At one point or another, pretty much every writer hits a wall. For whatever reason, you can be moving along at full tilt when, all of a sudden, you realize that you’ve either painted yourself into a corner or, worse, that you’re fresh out of paint. The technical term for this, I believe, is writer’s block.
The important thing to remember when you’re hit with writer’s block is not to panic. Instead, look back over what you’ve written and try to figure out what’s “lurking.” In other words, what remains unsaid? Where’s the potential for your story to grow? For example, is there a character you’ve mentioned in passing but have yet to develop? Is there a “gun over the fireplace” that you haven’t fired yet? Have any of your characters missed opportunities to meet? Is a character holding back on expressing her true feelings or revealing an important detail?

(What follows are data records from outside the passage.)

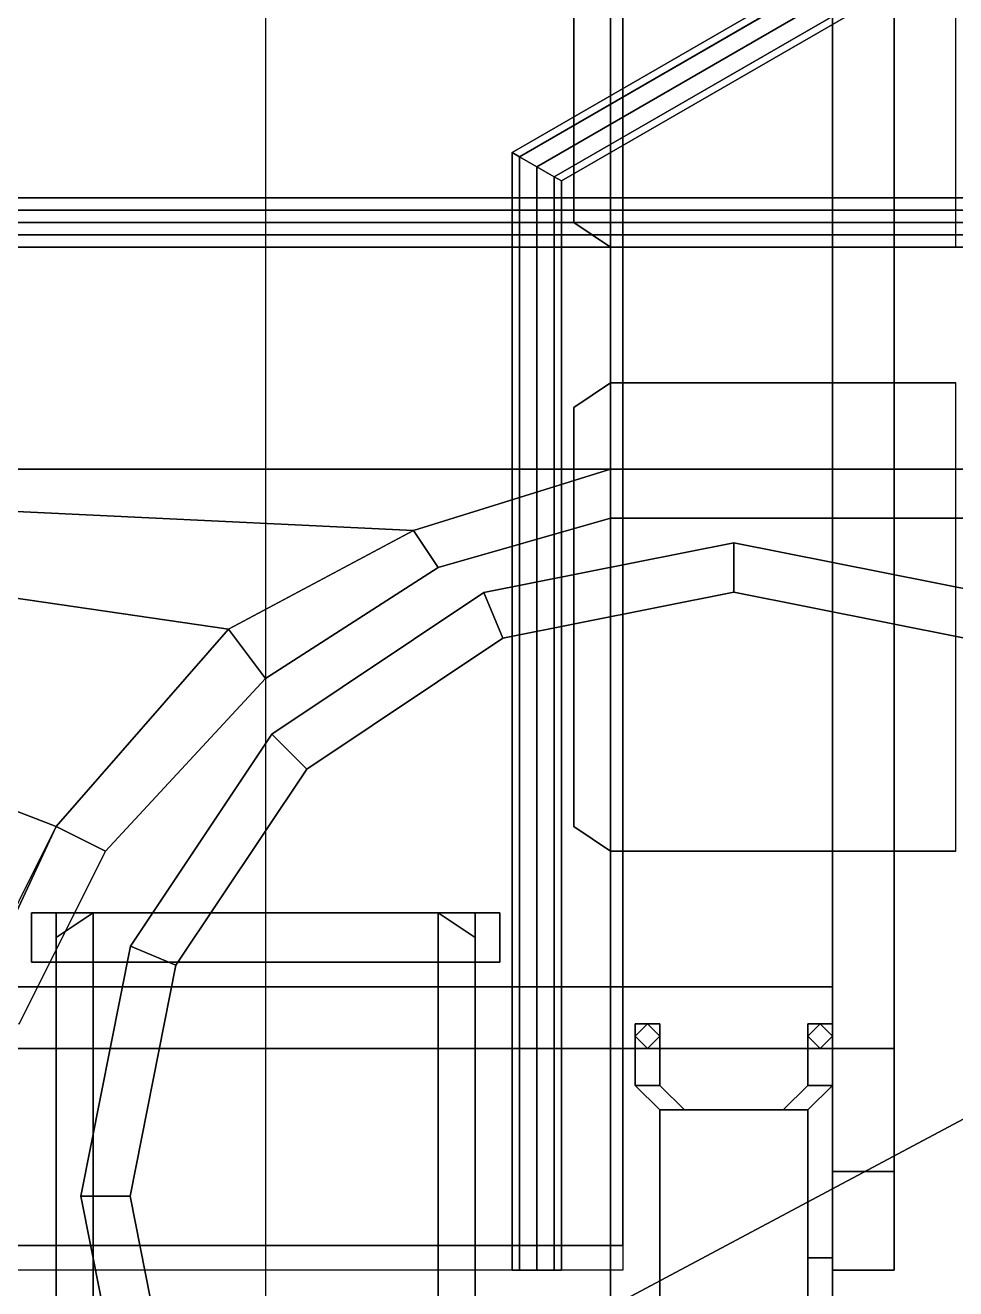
# Model space of a CAD drawing. Header units: millimetres. Extents: x -1.1 to 1.1, y -2.8 to 10.1.
# Drawn here: x -0.195 to 0.56, y 0.305 to 1.33 of the extents above; entities that cross this region are included whole.
import ezdxf

# ---------------------------------------------------------------- set-up
doc = ezdxf.new("R2010")
doc.units = ezdxf.units.MM
for name, color, linetype in [('drawing', 9, 'Continuous'), ('gun', 1, 'Continuous'), ('internals', 5, 'Continuous'), ('seats', 3, 'Continuous'), ('suspension', 5, 'Continuous'), ('tent', 3, 'Continuous'), ('turret', 2, 'Continuous')]:
    doc.layers.add(name, color=color, linetype=linetype)

msp = doc.modelspace()

# ---------------------------------------------------------------- linework, layer by layer
for points in [[(-0.29, 0.34, 0.77), (-0.29, 3.07, 0.77), (0.29, 3.07, 0.77), (0.29, 0.34, 0.77)], [(0.29, 0.34, 0.77), (0.29, 3.07, 0.77), (0.29, 2.9, 1.05), (0.29, 0.53, 1.05)], [(0.53, 1.4173, 0.59), (0.5452, 1.4193, 0.5759), (0.2059, 1.2234, 0.5759), (0.2, 1.2268, 0.59)], [(0.5207, 1.4052, 0.6041), (0.53, 1.4173, 0.59), (0.2, 1.2268, 0.59), (0.2059, 1.2234, 0.6041)], [(0.5452, 1.4193, 0.5759), (0.5573, 1.41, 0.57), (0.22, 1.2152, 0.57), (0.2059, 1.2234, 0.5759)], [(0.5227, 1.39, 0.61), (0.5207, 1.4052, 0.6041), (0.2059, 1.2234, 0.6041), (0.22, 1.2152, 0.61)], [(0.5573, 1.41, 0.57), (0.5593, 1.3948, 0.5759), (0.2341, 1.2071, 0.5759), (0.22, 1.2152, 0.57)], [(0.5593, 1.3948, 0.5759), (0.55, 1.3827, 0.59), (0.24, 1.2037, 0.59), (0.2341, 1.2071, 0.5759)], [(0.5348, 1.3807, 0.6041), (0.5227, 1.39, 0.61), (0.22, 1.2152, 0.61), (0.2341, 1.2071, 0.6041)], [(0.55, 1.3827, 0.59), (0.5348, 1.3807, 0.6041), (0.2341, 1.2071, 0.6041), (0.24, 1.2037, 0.59)], [(0.2059, 1.2234, 0.6041), (0.2, 1.2268, 0.59), (0.2, 0.32, 0.59), (0.2059, 0.32, 0.6041)], [(0.2, 1.2268, 0.59), (0.2059, 1.2234, 0.5759), (0.2059, 0.32, 0.5759), (0.2, 0.32, 0.59)], [(0.22, 1.2152, 0.61), (0.2059, 1.2234, 0.6041), (0.2059, 0.32, 0.6041), (0.22, 0.32, 0.61)], [(0.2059, 1.2234, 0.5759), (0.22, 1.2152, 0.57), (0.22, 0.32, 0.57), (0.2059, 0.32, 0.5759)], [(0.2341, 1.2071, 0.6041), (0.22, 1.2152, 0.61), (0.22, 0.32, 0.61), (0.2341, 0.32, 0.6041)], [(0.22, 1.2152, 0.57), (0.2341, 1.2071, 0.5759), (0.2341, 0.32, 0.5759), (0.22, 0.32, 0.57)], [(0.24, 1.2037, 0.59), (0.2341, 1.2071, 0.6041), (0.2341, 0.32, 0.6041), (0.24, 0.32, 0.59)], [(0.2341, 1.2071, 0.5759), (0.24, 1.2037, 0.59), (0.24, 0.32, 0.59), (0.2341, 0.32, 0.5759)], [(0.91, 1.17, 2.12), (0.91, 1.18, 2.11), (-0.91, 1.18, 2.11), (-0.91, 1.17, 2.12)], [(0.91, 1.18, 2.11), (0.91, 1.17, 2.1), (-0.91, 1.17, 2.1), (-0.91, 1.18, 2.11)], [(0.91, 1.16, 2.11), (0.91, 1.17, 2.12), (-0.91, 1.17, 2.12), (-0.91, 1.16, 2.11)], [(0.91, 1.17, 2.1), (0.91, 1.16, 2.11), (-0.91, 1.16, 2.11), (-0.91, 1.17, 2.1)], [(0.28, 0.97, 2.27), (0.28, 0.97, 1.85), (0.12, 0.92, 1.85), (0.12, 0.92, 2.27)], [(0.28, 0.93, 2.27), (0.28, 0.97, 2.27), (0.12, 0.92, 2.27), (0.14, 0.89, 2.27)], [(1, 0.97, 2.27), (1, 0.97, 1.85), (0.28, 0.97, 1.85), (0.28, 0.97, 2.27)], [(0.96, 0.93, 2.27), (1, 0.97, 2.27), (0.28, 0.97, 2.27), (0.28, 0.93, 2.27)], [(0.14, 0.89, 2.27), (0.14, 0.89, 1.85), (0.28, 0.93, 1.85), (0.28, 0.93, 2.27)], [(0.28, 0.93, 2.27), (0.28, 0.93, 1.85), (0.96, 0.93, 1.85), (0.96, 0.93, 2.27)], [(0.12, 0.92, 2.27), (0.12, 0.92, 1.85), (-0.03, 0.84, 1.85), (-0.03, 0.84, 2.27)], [(0.14, 0.89, 2.27), (0.12, 0.92, 2.27), (-0.03, 0.84, 2.27), (0, 0.8, 2.27)], [(0, 0.8, 2.27), (0, 0.8, 1.85), (0.14, 0.89, 1.85), (0.14, 0.89, 2.27)], [(-0.03, 0.84, 2.27), (-0.03, 0.84, 1.85), (-0.17, 0.68, 1.85), (-0.17, 0.68, 2.27)], [(0, 0.8, 2.27), (-0.03, 0.84, 2.27), (-0.17, 0.68, 2.27), (-0.13, 0.66, 2.27)], [(-0.13, 0.66, 2.27), (-0.13, 0.66, 1.85), (0, 0.8, 1.85), (0, 0.8, 2.27)], [(-0.17, 0.68, 2.27), (-0.17, 0.68, 1.85), (-0.24, 0.53, 1.85), (-0.24, 0.53, 2.27)], [(-0.13, 0.66, 2.27), (-0.17, 0.68, 2.27), (-0.24, 0.53, 2.27), (-0.2, 0.52, 2.27)], [(-0.2, 0.52, 2.27), (-0.2, 0.52, 1.85), (-0.13, 0.66, 1.85), (-0.13, 0.66, 2.27)], [(-0.29, 0.32, 0.74), (-0.29, 0.34, 0.77), (0.29, 0.34, 0.77), (0.29, 0.32, 0.74)]]:
    msp.add_3dface(points)
at = {"layer": 'drawing'}
msp.add_xline((0, 2.78, 5.49), (0, -1), dxfattribs=at)
at = {"layer": 'gun'}
for points in [[(0.31, 0.52, 2.52), (0.3, 0.51, 2.52), (0.3, 0.51, 2.63), (0.31, 0.52, 2.63)], [(0.32, 0.52, 2.52), (0.32, 0.52, 2.5), (0.3, 0.52, 2.5), (0.3, 0.52, 2.52)], [(0.3, 0.52, 2.5), (0.3, 0.47, 2.5), (0.3, 0.47, 2.52), (0.3, 0.52, 2.52)], [(0.32, 0.52, 2.5), (0.32, 0.47, 2.5), (0.3, 0.47, 2.5), (0.3, 0.52, 2.5)], [(0.3, 0.52, 2.52), (0.3, 0.47, 2.52), (0.32, 0.47, 2.52), (0.32, 0.52, 2.52)], [(0.3, 0.52, 2.65), (0.3, 0.47, 2.65), (0.32, 0.47, 2.65), (0.32, 0.52, 2.65)], [(0.32, 0.52, 2.63), (0.32, 0.47, 2.63), (0.3, 0.47, 2.63), (0.3, 0.52, 2.63)], [(0.3, 0.52, 2.63), (0.3, 0.47, 2.63), (0.3, 0.47, 2.65), (0.3, 0.52, 2.65)], [(0.32, 0.52, 2.65), (0.32, 0.52, 2.63), (0.3, 0.52, 2.63), (0.3, 0.52, 2.65)], [(0.32, 0.51, 2.52), (0.31, 0.52, 2.52), (0.31, 0.52, 2.63), (0.32, 0.51, 2.63)], [(0.32, 0.47, 2.52), (0.32, 0.47, 2.5), (0.32, 0.52, 2.5), (0.32, 0.52, 2.52)], [(0.32, 0.47, 2.65), (0.32, 0.47, 2.63), (0.32, 0.52, 2.63), (0.32, 0.52, 2.65)], [(0.45, 0.52, 2.52), (0.44, 0.51, 2.52), (0.44, 0.51, 2.63), (0.45, 0.52, 2.63)], [(0.46, 0.52, 2.5), (0.46, 0.47, 2.5), (0.44, 0.47, 2.5), (0.44, 0.52, 2.5)], [(0.44, 0.52, 2.52), (0.44, 0.47, 2.52), (0.46, 0.47, 2.52), (0.46, 0.52, 2.52)], [(0.44, 0.47, 2.5), (0.44, 0.47, 2.52), (0.44, 0.52, 2.52), (0.44, 0.52, 2.5)], [(0.44, 0.52, 2.5), (0.44, 0.52, 2.52), (0.46, 0.52, 2.52), (0.46, 0.52, 2.5)], [(0.46, 0.52, 2.63), (0.46, 0.47, 2.63), (0.44, 0.47, 2.63), (0.44, 0.52, 2.63)], [(0.44, 0.52, 2.65), (0.44, 0.47, 2.65), (0.46, 0.47, 2.65), (0.46, 0.52, 2.65)], [(0.44, 0.47, 2.63), (0.44, 0.47, 2.65), (0.44, 0.52, 2.65), (0.44, 0.52, 2.63)], [(0.44, 0.52, 2.63), (0.44, 0.52, 2.65), (0.46, 0.52, 2.65), (0.46, 0.52, 2.63)], [(0.46, 0.51, 2.52), (0.45, 0.52, 2.52), (0.45, 0.52, 2.63), (0.46, 0.51, 2.63)], [(0.46, 0.52, 2.52), (0.46, 0.47, 2.52), (0.46, 0.47, 2.5), (0.46, 0.52, 2.5)], [(0.46, 0.52, 2.65), (0.46, 0.47, 2.65), (0.46, 0.47, 2.63), (0.46, 0.52, 2.63)], [(0.3, 0.51, 2.52), (0.31, 0.5, 2.52), (0.31, 0.5, 2.63), (0.3, 0.51, 2.63)], [(0.31, 0.5, 2.52), (0.32, 0.51, 2.52), (0.32, 0.51, 2.63), (0.31, 0.5, 2.63)], [(0.44, 0.51, 2.52), (0.45, 0.5, 2.52), (0.45, 0.5, 2.63), (0.44, 0.51, 2.63)], [(0.45, 0.5, 2.52), (0.46, 0.51, 2.52), (0.46, 0.51, 2.63), (0.45, 0.5, 2.63)], [(0.3, 0.47, 2.5), (0.32, 0.45, 2.5), (0.32, 0.45, 2.52), (0.3, 0.47, 2.52)], [(0.32, 0.47, 2.5), (0.34, 0.45, 2.5), (0.32, 0.45, 2.5), (0.3, 0.47, 2.5)], [(0.3, 0.47, 2.52), (0.32, 0.45, 2.52), (0.34, 0.45, 2.52), (0.32, 0.47, 2.52)], [(0.3, 0.47, 2.65), (0.32, 0.45, 2.65), (0.34, 0.45, 2.65), (0.32, 0.47, 2.65)], [(0.3, 0.47, 2.63), (0.32, 0.45, 2.63), (0.32, 0.45, 2.65), (0.3, 0.47, 2.65)], [(0.32, 0.47, 2.63), (0.34, 0.45, 2.63), (0.32, 0.45, 2.63), (0.3, 0.47, 2.63)], [(0.34, 0.45, 2.52), (0.34, 0.45, 2.5), (0.32, 0.47, 2.5), (0.32, 0.47, 2.52)], [(0.34, 0.45, 2.65), (0.34, 0.45, 2.63), (0.32, 0.47, 2.63), (0.32, 0.47, 2.65)], [(0.46, 0.47, 2.5), (0.44, 0.45, 2.5), (0.42, 0.45, 2.5), (0.44, 0.47, 2.5)], [(0.44, 0.47, 2.52), (0.42, 0.45, 2.52), (0.44, 0.45, 2.52), (0.46, 0.47, 2.52)], [(0.42, 0.45, 2.5), (0.42, 0.45, 2.52), (0.44, 0.47, 2.52), (0.44, 0.47, 2.5)], [(0.46, 0.47, 2.63), (0.44, 0.45, 2.63), (0.42, 0.45, 2.63), (0.44, 0.47, 2.63)], [(0.44, 0.47, 2.65), (0.42, 0.45, 2.65), (0.44, 0.45, 2.65), (0.46, 0.47, 2.65)], [(0.42, 0.45, 2.63), (0.42, 0.45, 2.65), (0.44, 0.47, 2.65), (0.44, 0.47, 2.63)], [(0.46, 0.47, 2.52), (0.44, 0.45, 2.52), (0.44, 0.45, 2.5), (0.46, 0.47, 2.5)], [(0.46, 0.47, 2.65), (0.44, 0.45, 2.65), (0.44, 0.45, 2.63), (0.46, 0.47, 2.63)], [(0.44, 0.45, 2.65), (0.44, 0.45, 2.5), (0.32, 0.45, 2.5), (0.32, 0.45, 2.65)], [(0.32, 0.45, 2.5), (0.32, 0.03, 2.5), (0.32, 0.03, 2.65), (0.32, 0.45, 2.65)], [(0.44, 0.45, 2.5), (0.44, -0.17, 2.5), (0.32, -0.17, 2.5), (0.32, 0.45, 2.5)], [(0.32, 0.45, 2.65), (0.32, -0.17, 2.65), (0.44, -0.17, 2.65), (0.44, 0.45, 2.65)], [(0.44, -0.17, 2.65), (0.44, -0.17, 2.5), (0.44, 0.45, 2.5), (0.44, 0.45, 2.65)], [(0.46, 0.33, 2.38), (0.46, 0.26, 2.38), (0.44, 0.26, 2.38), (0.44, 0.33, 2.38)], [(0.46, 0.33, 2.43), (0.46, 0.33, 2.38), (0.44, 0.33, 2.38), (0.44, 0.33, 2.43)], [(0.44, 0.33, 2.43), (0.44, 0.26, 2.43), (0.46, 0.26, 2.43), (0.46, 0.33, 2.43)], [(0.44, 0.33, 2.38), (0.44, 0.26, 2.38), (0.44, 0.26, 2.43), (0.44, 0.33, 2.43)], [(0.46, 0.26, 2.43), (0.46, 0.26, 2.38), (0.46, 0.33, 2.38), (0.46, 0.33, 2.43)]]:
    msp.add_3dface(points, dxfattribs=at)
at = {"layer": 'internals'}
for points in [[(-0.28, 3.16, 0.78), (-0.28, 0.29, 0.78), (0.28, 0.29, 0.78), (0.28, 3.16, 0.78)], [(0.28, 3.16, 1.07), (0.28, 0.29, 1.07), (0.73, 0.53, 1.07), (0.73, 3.16, 1.07)], [(0.28, 3.16, 0.78), (0.28, 0.29, 0.78), (0.28, 0.29, 1.07), (0.28, 3.16, 1.07)], [(0.73, 0.53, 1.07), (0.28, 0.29, 1.07), (0.93, 0.29, 1.07), (0.98, 0.53, 1.07)]]:
    msp.add_3dface(points, dxfattribs=at)
at = {"layer": 'seats'}
for points in [[(0.25, 1.17, 1.11), (0.28, 1.15, 1.11), (0.28, 1.53, 1.11), (0.25, 1.51, 1.11)], [(0.28, 1.15, 1.11), (0.56, 1.15, 1.11), (0.56, 1.53, 1.11), (0.28, 1.53, 1.11)], [(0.25, 1.51, 1.07), (0.25, 1.17, 1.07), (0.25, 1.17, 1.11), (0.25, 1.51, 1.11)], [(0.25, 1.17, 1.07), (0.28, 1.15, 1.07), (0.28, 1.15, 1.11), (0.25, 1.17, 1.11)], [(0.28, 1.15, 1.07), (0.56, 1.15, 1.07), (0.56, 1.15, 1.11), (0.28, 1.15, 1.11)], [(0.25, 1.02, 1.11), (0.28, 1.04, 1.11), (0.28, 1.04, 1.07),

I recently saw the author Robin Black read from her wonderful collection of short stories, If I Loved You, I Would Tell You This. One of the things she said she does when she’s stuck is to go back and look for places where her characters don’t speak their minds because they’re trying to be polite. She’ll then remind herself that her characters don’t need to be as polite as she is, and she’ll allow her characters to say what she might never say in real life. From there, the story is forced to take a new turn.
By allowing something that’s lurking to creep out into the open, you give your work the opportunity to do something unexpected. When that happens, your work takes on new life. To go back to my initial analogy, it’s a little bit like giving yourself the power to paint a doorway into the corner you thought you’d painted yourself into—and then to step through that doorway and into the rest of your story.